# who got some good ideas?



## thePACK (Jan 3, 2003)

hey there my fellow pfury  .just got a new 40 gallon tank.wondering what kinda of piranha(s).i should get?any and all ideas appreciared.


----------



## AZ (Jan 3, 2003)

ternetzis, pirayas, and caribes or manueli :rockin:


----------



## Grosse Gurke (Jan 3, 2003)

I would stay away from pygos and go with a spilo or medinei.


----------



## Xenon (Nov 15, 2002)

How many fish are you looking to put in there. No more than 3 I would guess.


----------



## fishman2 (Nov 27, 2002)

I would load it up with plants and a few rocks, make it look pretty, then put in a 2 or 3 small spilo's.


----------



## thePACK (Jan 3, 2003)

yeah about three or less but not sure wheather to go with a rhom or with some spilos or some piray and caribe?which mixture would be the best??if i should go that way?


----------



## Grosse Gurke (Jan 3, 2003)

Unless you plan on upgrading very soon, dont go with pygos, especially anything but reds, and even 3 reds deserve more than a 40. And with a 40 I would not suggest going with more than 1 spilo, they are harder to shoal than pygos and I believe 3 would need a atleast a 75 to be successful. I think a 40 is perfect for one spilo. You can do whatever you want but please keep in mind the needs of the fish when you make your decission.


----------



## thePACK (Jan 3, 2003)

yes this would be only for a period of time.i like to raise my my fish.so when they get bigger and they look nice i can brag.

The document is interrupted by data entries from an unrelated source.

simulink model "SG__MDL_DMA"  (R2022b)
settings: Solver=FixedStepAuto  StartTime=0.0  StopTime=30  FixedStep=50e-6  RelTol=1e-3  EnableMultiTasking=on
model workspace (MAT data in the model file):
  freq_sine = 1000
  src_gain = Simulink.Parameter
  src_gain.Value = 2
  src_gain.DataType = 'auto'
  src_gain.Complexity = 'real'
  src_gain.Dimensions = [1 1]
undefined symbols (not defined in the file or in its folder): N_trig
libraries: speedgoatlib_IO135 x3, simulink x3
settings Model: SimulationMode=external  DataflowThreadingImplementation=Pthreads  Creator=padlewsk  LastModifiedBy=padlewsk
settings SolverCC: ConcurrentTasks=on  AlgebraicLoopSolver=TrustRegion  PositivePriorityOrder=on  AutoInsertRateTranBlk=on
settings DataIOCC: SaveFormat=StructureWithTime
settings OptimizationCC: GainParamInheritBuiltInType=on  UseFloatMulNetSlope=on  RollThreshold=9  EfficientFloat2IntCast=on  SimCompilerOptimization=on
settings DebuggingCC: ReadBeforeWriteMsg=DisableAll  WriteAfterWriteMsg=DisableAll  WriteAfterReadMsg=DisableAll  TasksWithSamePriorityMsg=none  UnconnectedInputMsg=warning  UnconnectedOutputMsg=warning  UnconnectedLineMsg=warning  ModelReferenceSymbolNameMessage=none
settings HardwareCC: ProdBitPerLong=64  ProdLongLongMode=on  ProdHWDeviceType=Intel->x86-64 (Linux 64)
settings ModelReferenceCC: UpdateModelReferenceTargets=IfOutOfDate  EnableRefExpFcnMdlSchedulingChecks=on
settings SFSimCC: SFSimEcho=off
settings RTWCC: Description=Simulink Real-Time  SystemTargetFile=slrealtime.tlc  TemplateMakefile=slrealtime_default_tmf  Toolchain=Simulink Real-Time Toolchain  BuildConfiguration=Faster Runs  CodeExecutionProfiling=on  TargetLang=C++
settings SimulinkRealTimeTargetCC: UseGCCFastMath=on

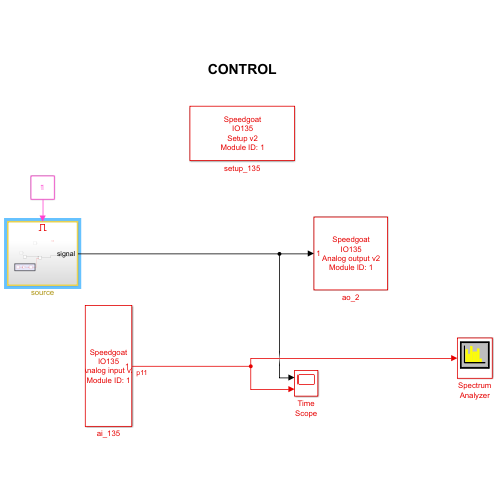
[thumbnail: Simulink's stored preview of the top-level diagram]
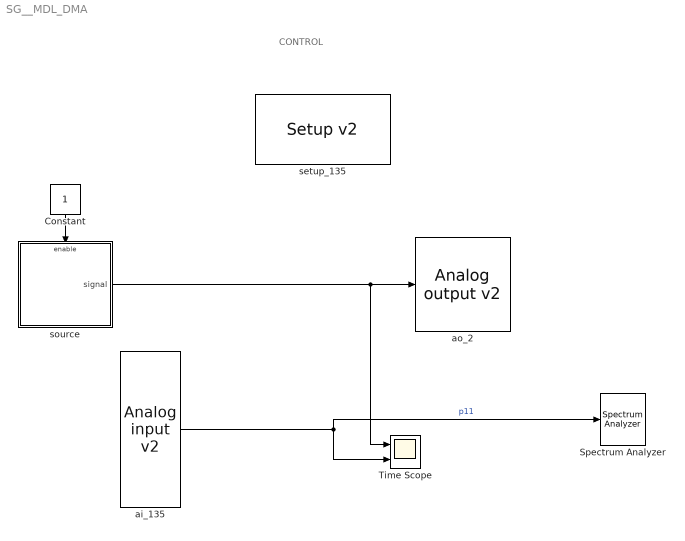
== system SG__MDL_DMA ==
  note: CONTROL
  Constant : Constant
  Spectrum Analyzer : SpectrumAnalyzer
  Time Scope : Scope  NumInputPorts=2
  ai_135 : speedgoatlib_IO135/Analog input v2   parModuleId=1  parSampleTime=-1  parPciSlot=-1  parAdcChannels=1  parAdcVoltageRange=[1 1 1 1]  parAdcOversamplRate=[1 1 1 1]  parAdcContSampling=0  parAdcDmaEnable=0  parAdcActiveDmaDevices=[1 1 1 1]  parAdcFrameSize=1
      settings: SourceProductName=Simulink Real-Time: Speedgoat I/O Blockset
  ao_2 : speedgoatlib_IO135/Analog output v2   parModuleId=1  parSampleTime=-1  parPciSlot=-1  parDacChannels=1  parDacVoltageRange=[4 4 4 4 4 4 4 4 4 4 4 4 4 4 4 4]  parDacInitValues=0  parDacReset=1  parDacSyncOut=1  parDacDmaEnable=0  parDacActiveDmaDevices=[1 1 1 1]  parDacDmaLatency=1  parDacFrameSize=1
      settings: SourceProductName=Simulink Real-Time: Speedgoat I/O Blockset
  setup_135 : speedgoatlib_IO135/Setup v2   parPciSlot=-1  parModuleId=1  parInterModuleSync=None  parConvClockBaseRate=20MHz  parConvClock1Divider=700  parConvClock2Divider=700  parFrameTriggerEnable=off  parFrameTriggerDivider=10  parConvClock1BaseRate=1  parConvClock2BaseRate=1  parFrameTriggerClock=1  parAdcChannels=[1:1]  parAdcRange1=+-5V  parAdcRange2=+-5V  parAdcRange3=+-5V  parAdcRange4=+-5V  parAdcVoltageRange=[1 1 1 1]  parAdcOversampling1=None  parAdcOversampling2=None  parAdcOversampling3=None  parAdcOversampling4=None  parAdcOversamplRate=[1 1 1 1]  parAdcAutoCorrection=on  parAdcContSampling=off  parAdcDmaEnable=off  parAdcDmaClock=Clock 1  parAdcFrameSize_=1  parAdcSampleTime_=-1  parAdcActiveDmaDevices=[1 1 1 1]  parAdcFrameTriggerEnable=0  parAdcFrameSize=1  parAdcSampleTime=3.5e-05  parDacChannels=[1:1]  parDacInitValues=zeros(1,1)  parDacReset=1  parDacRange1=+-5V  parDacRange2=+-5V  parDacRange3=+-5V  parDacRange4=+-5V  parDacRange5=+-5V  parDacRange6=+-5V  parDacRange7=+-5V  parDacRange8=+-5V  parDacRange9=+-5V  parDacRange10=+-5V  parDacRange11=+-5V  parDacRange12=+-5V  parDacRange13=+-5V  parDacRange14=+-5V  parDacRange15=+-5V  parDacRange16=+-5V  parDacVoltageRange=[4 4 4 4 4 4 4 4 4 4 4 4 4 4 4 4]  parDacAutoCorrection=on  parDacSyncOut=on  parDacDmaEnable=off  parDacDmaLatency=As small as possible  parDacDmaClock=Clock 1  parDacFrameSize_=1  parDacSampleTime_=-1  parDacActiveDmaDevices=[1 1 1 1]  parDacFrameTriggerEnable=0  parDacFrameSize=1  parDacSampleTime=3.5e-05  parDoChannels=[]  parDoInitValues=0  parDoReset=1  parDiChannels=[]  parDiDebounceEnable=off  parDiDebounceTime=0  parDiDebounceValue=0  parDioPullRefFront=Pull-up 3.3V  parDioPullRefRear=Floating
      settings: SourceProductName=Simulink Real-Time: Speedgoat I/O Blockset
  source : Subsystem  TreatAsAtomicUnit=on
  wires:
  Constant/1 -> source/Enable
  source/1(signal) -> Time Scope/1, ao_2/1
  ai_135/1 -> Spectrum Analyzer/1, Time Scope/2  "p11"

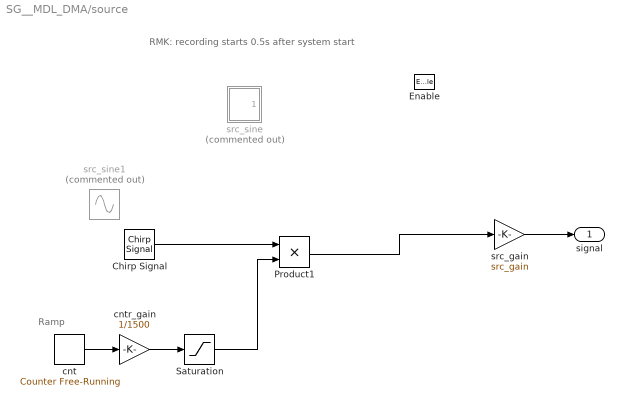
== system SG__MDL_DMA/source ==
  note: RMK: recording starts 0.5s after system start
  note: Ramp
  Enable : EnablePort  StatesWhenEnabling=reset
  Chirp Signal : simulink/Sources/Chirp Signal  f1=100  T=30  f2=350
  Product1 : Product
  Saturation : Saturate  UpperLimit=1  LowerLimit=0
  cnt : simulink/Sources/Counter Free-Running  NumBits=32  tsamp=-1
  cntr_gain : Gain  Gain=1/1500  ParamDataTypeStr=double
  src_gain : Gain  Gain=src_gain
  src_sine : Subsystem  Commented=on
  src_sine1 : Sin  Commented=on  Frequency=freq_sine*2*pi
  signal : Outport  OutputWhenDisabled=reset  InitialOutput=0  VectorParamsAs1DForOutWhenUnconnected=off
  wires:
  src_gain/1 -> signal/1
  Saturation/1 -> Product1/2
  cnt/1 -> cntr_gain/1
  cntr_gain/1 -> Saturation/1
  Product1/1 -> src_gain/1
  Chirp Signal/1 -> Product1/1

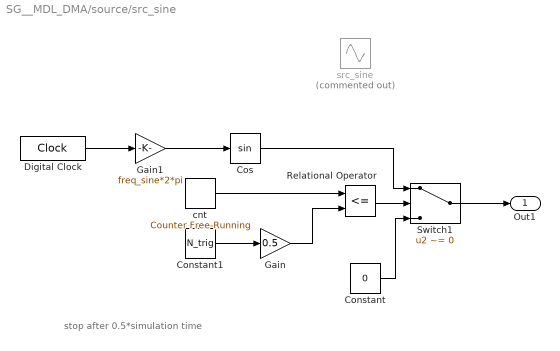
== system SG__MDL_DMA/source/src_sine ==
  note: stop after 0.5*simulation time
  Constant : Constant  Value=0
  Constant1 : Constant  Value=N_trig  VectorParams1D=off  SampleTime=-1
  Cos : Trigonometry
  Digital Clock : DigitalClock  SampleTime=-1
  Gain : Gain  Gain=0.5
  Gain1 : Gain  Gain=freq_sine*2*pi
  Relational Operator : RelationalOperator  Operator=<=  OutDataTypeStr=boolean  RndMeth=Simplest  InputSameDT=off
  Switch1 : Switch  Criteria=u2 ~= 0  SaturateOnIntegerOverflow=off  InputSameDT=off
  cnt : simulink/Sources/Counter Free-Running  NumBits=32  tsamp=-1
  src_sine : Sin  Commented=on  Frequency=freq_sine*2*pi
  Out1 : Outport
  wires:
  Switch1/1 -> Out1/1
  Constant1/1 -> Gain/1
  Relational Operator/1 -> Switch1/2
  cnt/1 -> Relational Operator/1
  Constant/1 -> Switch1/3
  Gain/1 -> Relational Operator/2
  Digital Clock/1 -> Gain1/1
  Gain1/1 -> Cos/1
  Cos/1 -> Switch1/1

.to my friends.if i should go with a spilo i will try to get as small as possible or with any other that i pick.


----------



## fishman2 (Nov 27, 2002)

I was thinking of maybe them breeding (by putting 2 or 3) but grosse gurke is rightz!


----------



## marco (Jan 2, 2003)

get a big 6-9" rhom. and use a black garbage bag as a backround.

YEA! :rockin:


----------



## Grosse Gurke (Jan 3, 2003)

Marco, 
Why would he want to put a big rhom in a 40? I have a average size rhom in a 75 and he seems a tad cramped. I could not picture him in a 40 and he is only 10". If you are going to give advice atleast give it some thought first. ??? And you want to be my latex salesman.


----------